If you are already sold on free monads, monad-mock may very well be
uninteresting to you. From the perspective of theoretical novelty,
monad-mock is not anything new or different. However, there are a
variety of practical reasons to prefer mtl over free, and it's nice to
see how easy it is to enjoy the testing benefits of free without too
much extra effort.
An in-depth comparison between mtl and free is well outside the scope of
this blog post. However, the key point is that this technique
\emph{only} affects test code, so the real runtime implementation will
not be affected in any way. This means you can take advantage of the
performance benefits and ecosystem support of mtl without sacrificing
simple, expressive testing.
\hypertarget{conclusion}{%
\section{Conclusion}\label{conclusion}}
To cap things off, I want to emphasize monad-mock's role as a single
part of a larger initiative we've been making for the better part of the
past eighteen months. Haskell is a language with ever-evolving
techniques and style, and it's sometimes dizzying to figure out how to
use all the pieces together to develop robust, maintainable
applications. While monad-mock might not be anything drastically
different from existing testing techniques, my hope is that it can
provide an opinionated mechanism to make testing easy and accessible,
even for complex interactions with other services and systems.
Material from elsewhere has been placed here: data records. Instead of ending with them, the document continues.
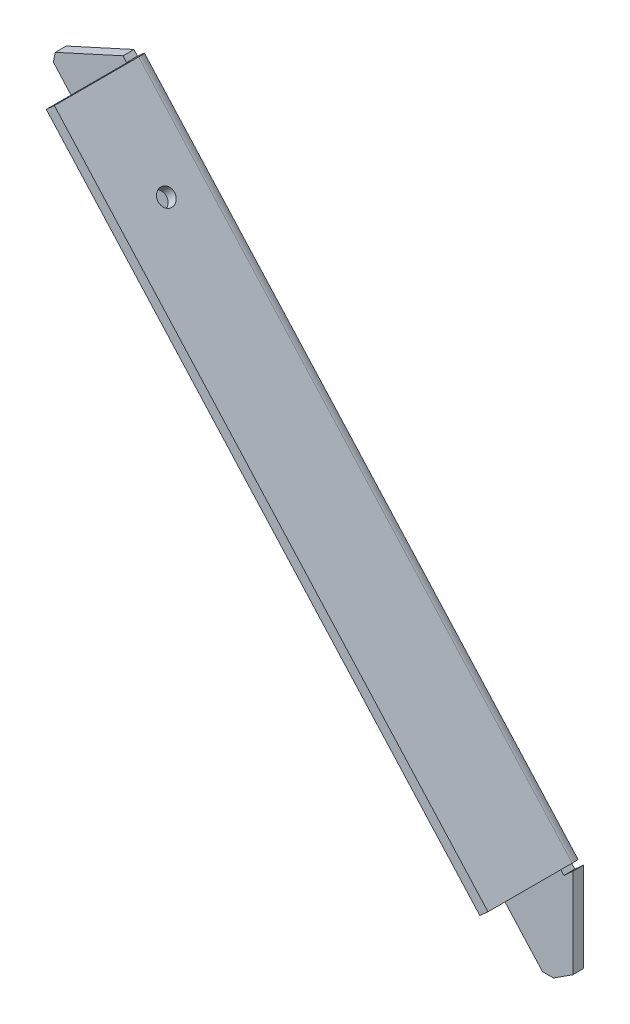
ISO-10303-21;
HEADER;
FILE_DESCRIPTION(('STEP AP214'),'2;1');
FILE_NAME('part.step','',(''),(''),'','','');
FILE_SCHEMA(('AUTOMOTIVE_DESIGN { 1 0 10303 214 1 1 1 1 }'));
ENDSEC;
DATA;
#1=APPLICATION_CONTEXT('core data for automotive mechanical design processes');
#2=APPLICATION_PROTOCOL_DEFINITION('international standard','automotive_design',2000,#1);
#3=PRODUCT_CONTEXT('',#1,'mechanical');
#4=PRODUCT('Part','Part','',(#3));
#5=PRODUCT_RELATED_PRODUCT_CATEGORY('part','',(#4));
#6=PRODUCT_DEFINITION_FORMATION('','',#4);
#7=PRODUCT_DEFINITION_CONTEXT('part definition',#1,'design');
#8=PRODUCT_DEFINITION('design','',#6,#7);
#9=PRODUCT_DEFINITION_SHAPE('','',#8);
#10=(LENGTH_UNIT() NAMED_UNIT(*) SI_UNIT(.MILLI.,.METRE.));
#11=(NAMED_UNIT(*) PLANE_ANGLE_UNIT() SI_UNIT($,.RADIAN.));
#12=(NAMED_UNIT(*) SI_UNIT($,.STERADIAN.) SOLID_ANGLE_UNIT());
#13=UNCERTAINTY_MEASURE_WITH_UNIT(LENGTH_MEASURE(1.E-05),#10,'distance_accuracy_value','');
#14=(GEOMETRIC_REPRESENTATION_CONTEXT(3) GLOBAL_UNCERTAINTY_ASSIGNED_CONTEXT((#13)) GLOBAL_UNIT_ASSIGNED_CONTEXT((#10,
#11,#12)) REPRESENTATION_CONTEXT('',''));
#15=CARTESIAN_POINT('',(0.,0.,0.));
#16=DIRECTION('',(0.,0.,1.));
#17=DIRECTION('',(1.,0.,0.));
#18=AXIS2_PLACEMENT_3D('',#15,#16,#17);
#19=CARTESIAN_POINT('',(0.,22.5,-4.));
#20=DIRECTION('',(1.,0.,0.));
#21=DIRECTION('',(0.,1.,0.));
#22=AXIS2_PLACEMENT_3D('',#19,#20,#21);
#23=PLANE('',#22);
#24=DIRECTION('',(0.,1.,0.));
#25=VECTOR('',#24,1.);
#26=CARTESIAN_POINT('',(0.,22.5,-4.));
#27=LINE('',#26,#25);
#28=CARTESIAN_POINT('',(0.,-12.9354413315967,-4.));
#29=VERTEX_POINT('',#28);
#30=CARTESIAN_POINT('',(0.,19.8083449613384,-4.));
#31=VERTEX_POINT('',#30);
#32=EDGE_CURVE('E167',#29,#31,#27,.T.);
#33=ORIENTED_EDGE('',*,*,#32,.T.);
#34=DIRECTION('',(0.,0.,-1.));
#35=VECTOR('',#34,1.);
#36=CARTESIAN_POINT('',(0.,19.8083449613383,0.));
#37=LINE('',#36,#35);
#38=CARTESIAN_POINT('',(0.,19.8083449613383,0.));
#39=VERTEX_POINT('',#38);
#40=EDGE_CURVE('E228',#39,#31,#37,.T.);
#41=ORIENTED_EDGE('',*,*,#40,.F.);
#42=DIRECTION('',(0.,1.,0.));
#43=VECTOR('',#42,1.);
#44=CARTESIAN_POINT('',(0.,22.5,0.));
#45=LINE('',#44,#43);
#46=CARTESIAN_POINT('',(0.,-12.9354413315967,0.));
#47=VERTEX_POINT('',#46);
#48=EDGE_CURVE('E152',#47,#39,#45,.T.);
#49=ORIENTED_EDGE('',*,*,#48,.F.);
#50=DIRECTION('',(0.,0.,1.));
#51=VECTOR('',#50,1.);
#52=CARTESIAN_POINT('',(0.,-12.9354413315967,-4.));
#53=LINE('',#52,#51);
#54=EDGE_CURVE('E65',#29,#47,#53,.T.);
#55=ORIENTED_EDGE('',*,*,#54,.F.);
#56=EDGE_LOOP('',(#33,#41,#49,#55));
#57=FACE_BOUND('',#56,.T.);
#58=ADVANCED_FACE('F57',(#57),#23,.T.);
#59=CARTESIAN_POINT('',(-158.455818562884,198.426141725651,-4.));
#60=DIRECTION('',(-0.41469324265625,0.909961270876538,0.));
#61=DIRECTION('',(-0.909961270876538,-0.41469324265625,0.));
#62=AXIS2_PLACEMENT_3D('',#59,#60,#61);
#63=PLANE('',#62);
#64=DIRECTION('',(-0.909961270876538,-0.41469324265625,0.));
#65=VECTOR('',#64,1.);
#66=CARTESIAN_POINT('',(-158.455818562884,198.426141725651,0.));
#67=LINE('',#66,#65);
#68=CARTESIAN_POINT('',(-164.371667995618,195.730133815376,0.));
#69=VERTEX_POINT('',#68);
#70=CARTESIAN_POINT('',(-189.121858967299,184.450821960136,0.));
#71=VERTEX_POINT('',#70);
#72=EDGE_CURVE('E155',#69,#71,#67,.T.);
#73=ORIENTED_EDGE('',*,*,#72,.F.);
#74=DIRECTION('',(0.,0.,-1.));
#75=VECTOR('',#74,1.);
#76=CARTESIAN_POINT('',(-164.371667995618,195.730133815376,-4.00000000000003));
#77=LINE('',#76,#75);
#78=CARTESIAN_POINT('',(-164.371667995618,195.730133815376,-4.));
#79=VERTEX_POINT('',#78);
#80=EDGE_CURVE('E156',#69,#79,#77,.T.);
#81=ORIENTED_EDGE('',*,*,#80,.T.);
#82=DIRECTION('',(-0.909961270876538,-0.41469324265625,0.));
#83=VECTOR('',#82,1.);
#84=CARTESIAN_POINT('',(-158.455818562884,198.426141725651,-4.));
#85=LINE('',#84,#83);
#86=CARTESIAN_POINT('',(-189.121858967299,184.450821960136,-4.));
#87=VERTEX_POINT('',#86);
#88=EDGE_CURVE('E111',#79,#87,#85,.T.);
#89=ORIENTED_EDGE('',*,*,#88,.T.);
#90=DIRECTION('',(0.,0.,1.));
#91=VECTOR('',#90,1.);
#92=CARTESIAN_POINT('',(-189.121858967299,184.450821960136,-4.));
#93=LINE('',#92,#91);
#94=EDGE_CURVE('E151',#87,#71,#93,.T.);
#95=ORIENTED_EDGE('',*,*,#94,.T.);
#96=EDGE_LOOP('',(#73,#81,#89,#95));
#97=FACE_BOUND('',#96,.T.);
#98=ADVANCED_FACE('F173',(#97),#63,.T.);
#99=CARTESIAN_POINT('',(0.,0.,-4.));
#100=DIRECTION('',(0.,0.,1.));
#101=DIRECTION('',(1.,0.,0.));
#102=AXIS2_PLACEMENT_3D('',#99,#100,#101);
#103=PLANE('',#102);
#104=DIRECTION('',(-0.66925004434474,0.743037265649956,0.));
#105=VECTOR('',#104,1.);
#106=CARTESIAN_POINT('',(6.5819177201558,5.92830121680986,-4.));
#107=LINE('',#106,#105);
#108=CARTESIAN_POINT('',(-163.062649609914,194.276791450713,-4.));
#109=VERTEX_POINT('',#108);
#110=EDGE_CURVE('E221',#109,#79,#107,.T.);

I've made an effort to make it abundantly clear in this blog post that
monad-mock is \emph{not} a silver bullet to testing, and in fact, I
would prefer other techniques for ensuring correctness whenever
possible. Even so, mocking is a nice tool to have in your toolbox, and
it's a good fallback to get even the worst APIs under test coverage.
If you want to try out monad-mock for yourself,
\href{https://hackage.haskell.org/package/monad-mock}{take a look at the
documentation on Hackage} and start playing around! It's still early
software, so it's not the most proven or featureful, but we've managed
to get mileage out of it already, all the same. If you find any
problems, have a use case it does not support, or just find something
about it unclear, please do not hesitate to
\href{https://github.com/cjdev/monad-mock}{open an issue on the GitHub
repository}---we obviously can't fix issues we don't know about.
Thanks as always to the many people who have contributed ideas that have
shaped my philosophy and approach to testing and have helped provide the
tools that make this library work. Happy testing!